In relazione all’esercizio della concentrazione
di cui parla il numero di dicembre della vostra Rivista, vorrei avere qualche
chiarimento. Ad esempio: devo definire al massimo l’immagine dell’oggetto
che scelgo di rappresentarmi nella mente fino a farla divenire il piú
possibile nitida? Devo avere il suo senso fisico? Devo analizzare ogni
singola parte dell’oggetto prima di sintetizzarlo in un’unica immagine?
E come giungere a questa immagine-sintesi? Grazie per le precisazioni.

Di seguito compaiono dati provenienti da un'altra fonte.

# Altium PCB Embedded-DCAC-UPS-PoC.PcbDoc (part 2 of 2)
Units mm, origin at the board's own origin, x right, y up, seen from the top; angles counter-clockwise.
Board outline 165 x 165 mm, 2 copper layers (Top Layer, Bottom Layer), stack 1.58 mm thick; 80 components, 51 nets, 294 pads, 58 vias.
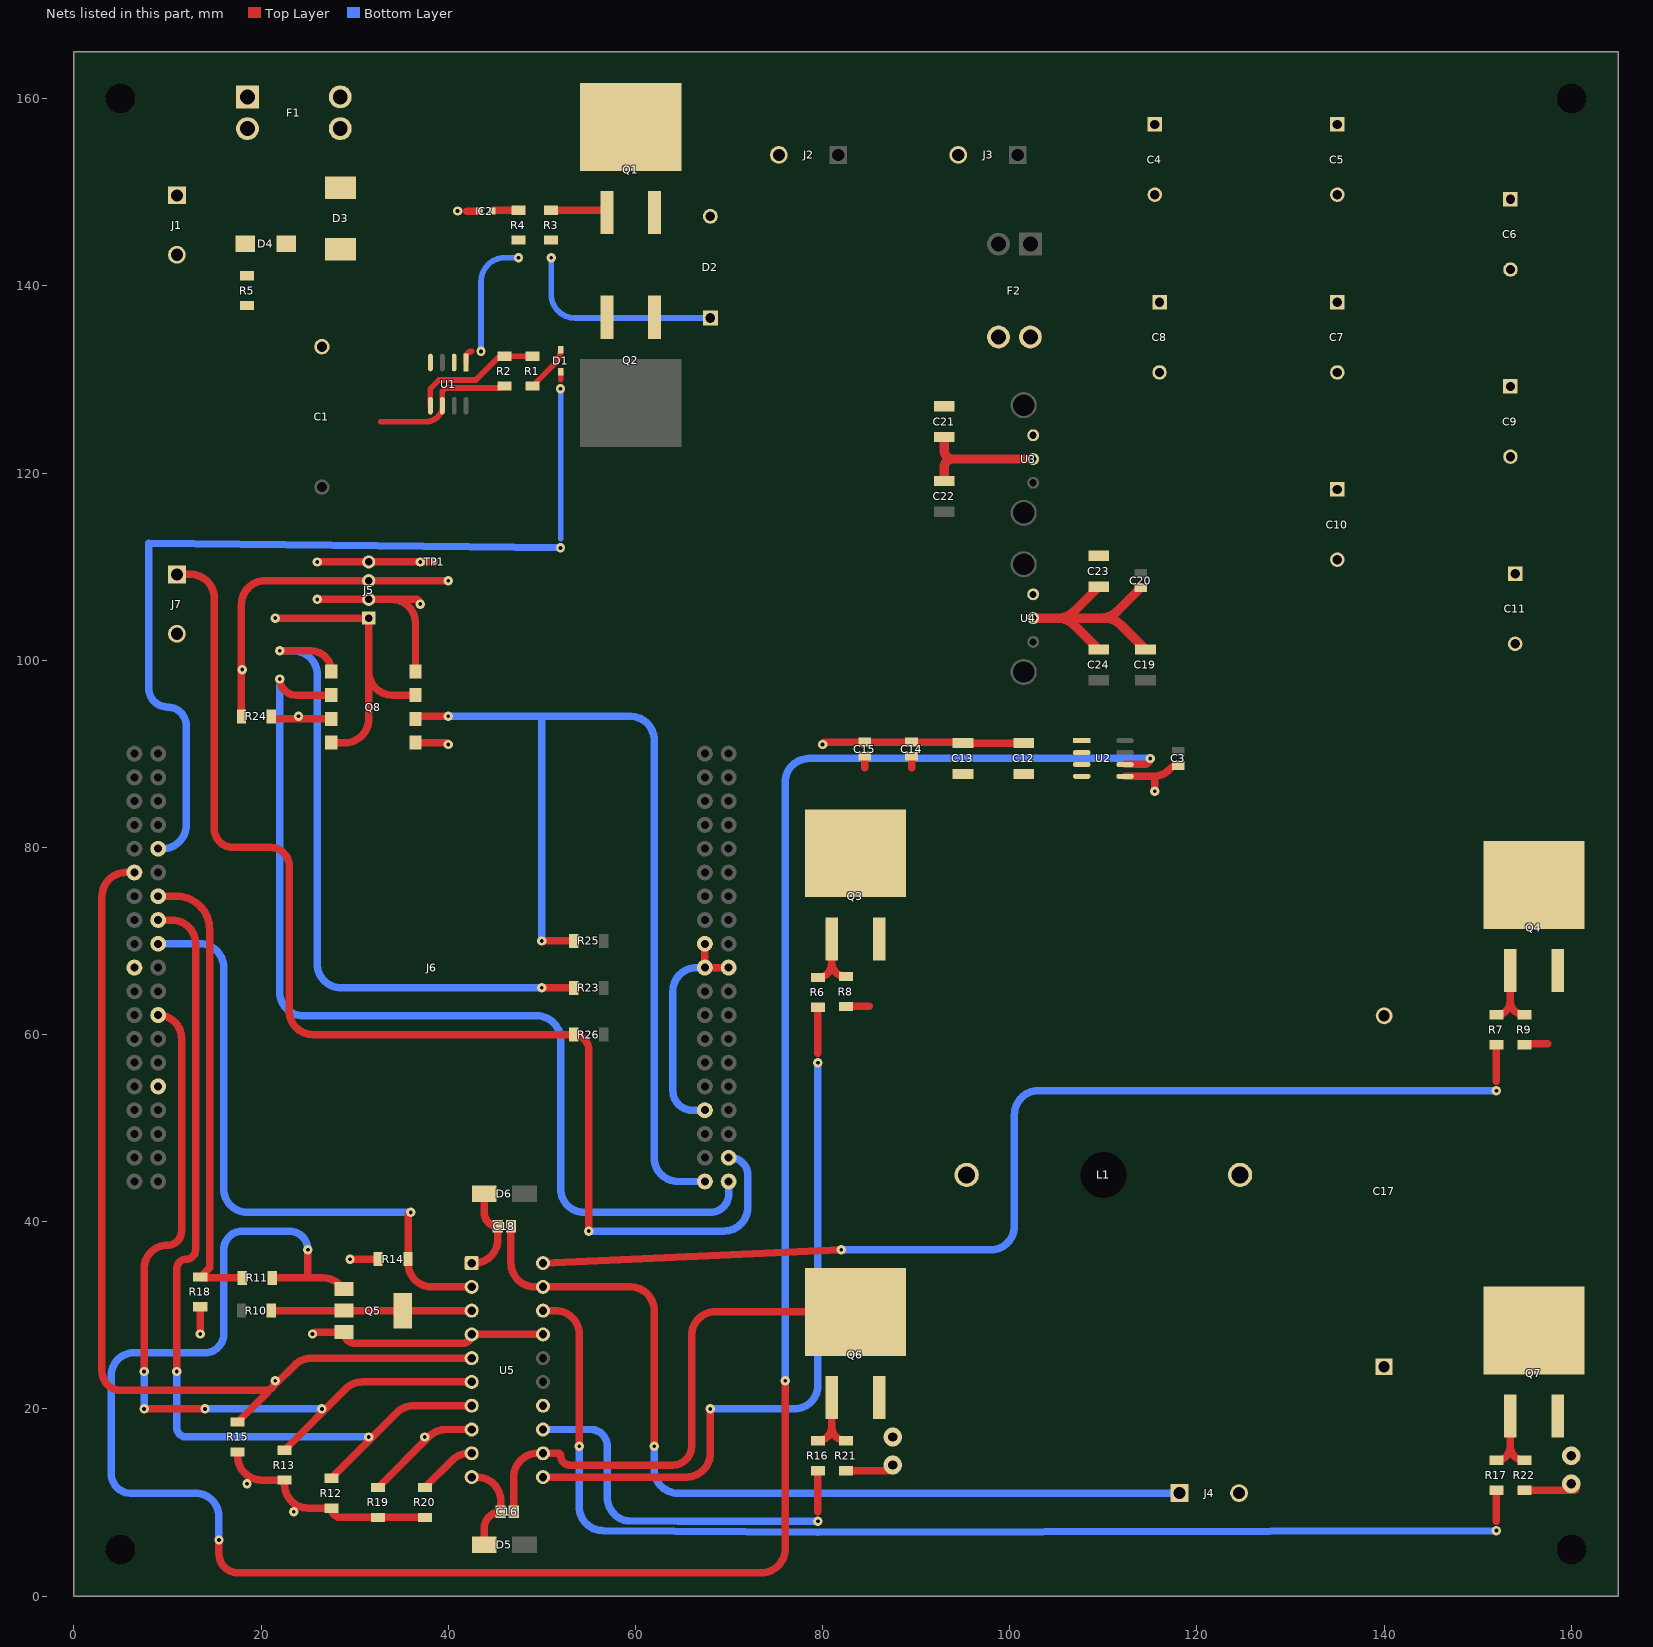
[diagram p2: the nets of this part, all layers, seen from the top]

## Via types
v1: diameter 1, hole 0.4, Top Layer to Bottom Layer, 54 vias
v2: diameter 2, hole 1, Top Layer to Bottom Layer, 4 vias

## Nets (pads, with @x,y where several pads share a name; then routed paths per layer and width w, separated by ;. In a path a pad name is that pad's centre, name@x,y a point inside that pad or via, vN(x,y) a via of type N, cw(c..) or ccw(c..) an arc to the next point about the centre after c; other vN are vias at no path point) (continued)
BAT_OUT-: C3.2 C4.1 C5.1 C6.1 C7.1 C8.1 C9.1 C10.1 C11.1 C12.2 C13.2 C14.1 C15.1 C19.2 C20.1 C21.1 C22.1 C23.1 C24.1 J3.2 J6.8 J6.19 J6.20 J6.22 J6.47 J6.58 J7.2 Q5.3 Q6.3 Q7.3 Q8.5 R12.1 R13.1 R14.1 R15.1 R18.2 R19.2 R20.2 R21.2 R22.2 U2.5 U3.2 U4.2 U5.4 U5.14 U5.17 | length 168.4
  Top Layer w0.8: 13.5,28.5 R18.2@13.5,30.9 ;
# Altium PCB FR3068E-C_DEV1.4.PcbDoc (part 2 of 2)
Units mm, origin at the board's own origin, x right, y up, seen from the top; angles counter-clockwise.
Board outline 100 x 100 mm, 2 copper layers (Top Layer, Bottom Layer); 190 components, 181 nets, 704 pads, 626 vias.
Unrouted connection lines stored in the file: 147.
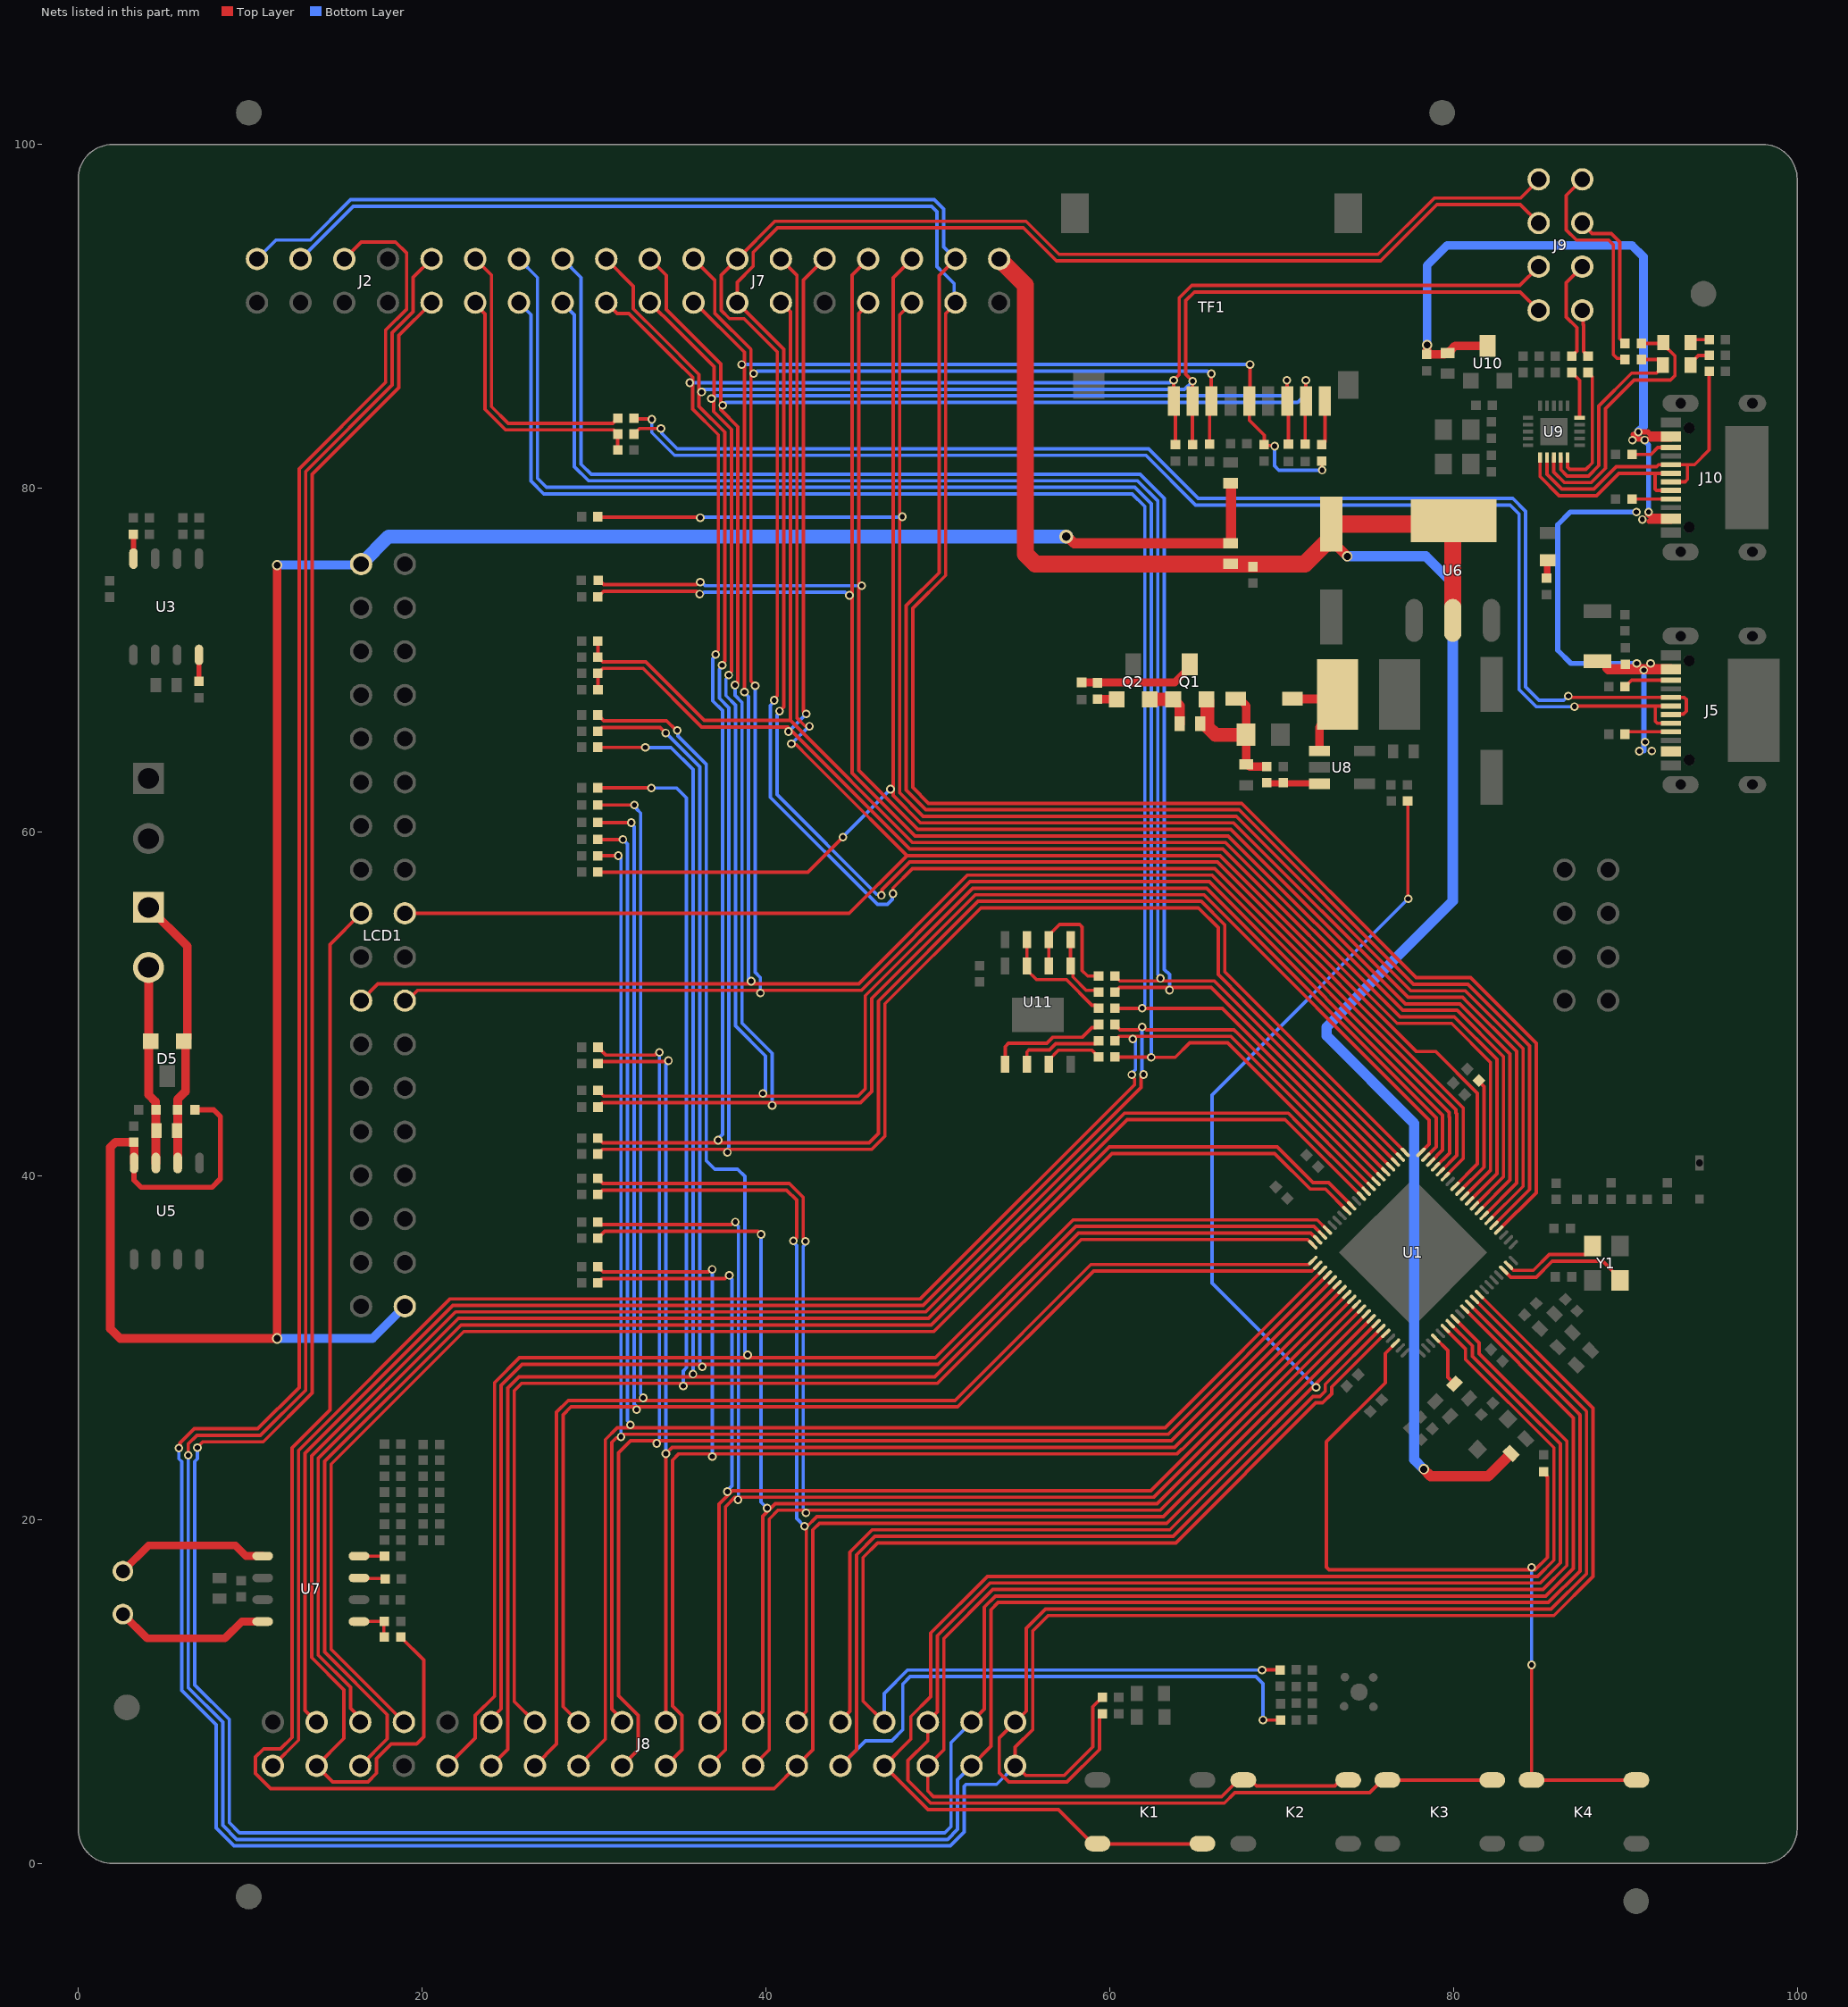
[diagram p2: the nets of this part, all layers, seen from the top]

## Via types
v1: diameter 0.5, hole 0.3, Top Layer to Bottom Layer, tented both sides, 618 vias
v2: diameter 0.6, hole 0.4, Top Layer to Bottom Layer, tented both sides, 7 vias
v3: diameter 0.8, hole 0.5, Top Layer to Bottom Layer, tented both sides, 1 vias

## Nets (pads, with @x,y where several pads share a name; then routed paths per layer and width w, separated by ;. In a path a pad name is that pad's centre, name@x,y a point inside that pad or via, vN(x,y) a via of type N, cw(c..) or ccw(c..) an arc to the next point about the centre after c; other vN are vias at no path point) (continued)
NetD6_1: D6.1 L3.2 U8.1 | length 6.5
  Top Layer w0.5: D6.1@70.65,67.75 73.01,67.75 L3.2@73.27,68.01 73.27,67.16 72.21,66.1 U8.1@72.21,64.72
NetD9_1: D9.1 R50.1 | length 1.1
  Top Layer w0.2: D9.1@93.81,88.483 93.973,88.646 R50.1@94.887,88.646
NetD10_1: D10.1 R51.1 | length 1.4
  Top Layer w0.2: D10.1@93.793,87.174 93.793,87.274 94.25,87.731 R51.1@94.887,87.731
NetD12_1: D12.1 R35.1 | length 1.1
  Top Layer w0.4: R35.1@85.424,74.765 85.454,74.795 85.454,75.778 D12.1@85.483,75.808
NetJ5_A5: J5.A5 R42.2 | length 2.7
  Top Layer w0.2: R42.2@89.989,65.695 90.128,65.834 J5.A5@92.653,65.834
NetJ5_A6: J5.A6 J5.B6 R49.2 | length 75.9
  Top Layer w0.2: R49.2@32.336,83.152 32.66,83.477 v1@33.902,83.477 ; v1(86.69,67.91) 86.771,67.91 86.847,67.834 J5.B6@92.653,67.834 93.432,67.834 93.549,67.717 93.549,67.03 93.38,66.861 92.68,66.861 J5.A6@92.653,66.834
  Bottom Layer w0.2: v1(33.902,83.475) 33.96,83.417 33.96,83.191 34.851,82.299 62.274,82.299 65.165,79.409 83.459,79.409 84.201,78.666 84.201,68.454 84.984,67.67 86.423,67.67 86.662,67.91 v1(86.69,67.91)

Mauro Sangineti, Alessandria
Bisogna decisamente pensare all’oggetto,
senza preoccuparsi di tutto questo. Non ha affatto importanza che l’immagine
risulti nitida. Ognuno, quando pensa a una cosa, ha un suo modo di rappresentarsi
le forme immaginate, senza preoccuparsi di controllare se tale immagine
sia nitida o no. Oggi tale tecnica si definisce con il termine “visualizzare”:
noi non lo usiamo, perché potremmo anche danneggiare il lavoro che
dobbiamo fare. Si tratta di far vivere la cosa che ci rappresentiamo, quindi
dobbiamo essere molto fiduciosi nel nostro rappresentare. Se dobbiamo camminare
non ci domandiamo come muoviamo le gambe: prima camminiamo, e poi possiamo
anche fare l’analisi del nostro camminare. Questa è un’analisi intellettuale,
che in un trattato può essere interessante e anche brillante, però
ricordiamoci che il vero nemico dell’opera spirituale è l’intelletto,
il quale sta lí a fare obiezioni. Appunto si sceglie un oggetto
banale per la concentrazione, perché non solleciti il nostro intellettualismo.
Per quanto riguarda il senso fisico dell’oggetto, questo deve essere trascurato.
Dobbiamo solo guardare l’immagine, senza alcuna preoccupazione di come
sia questa immagine. Il nostro immaginare noi lo abbiamo fin da bambini.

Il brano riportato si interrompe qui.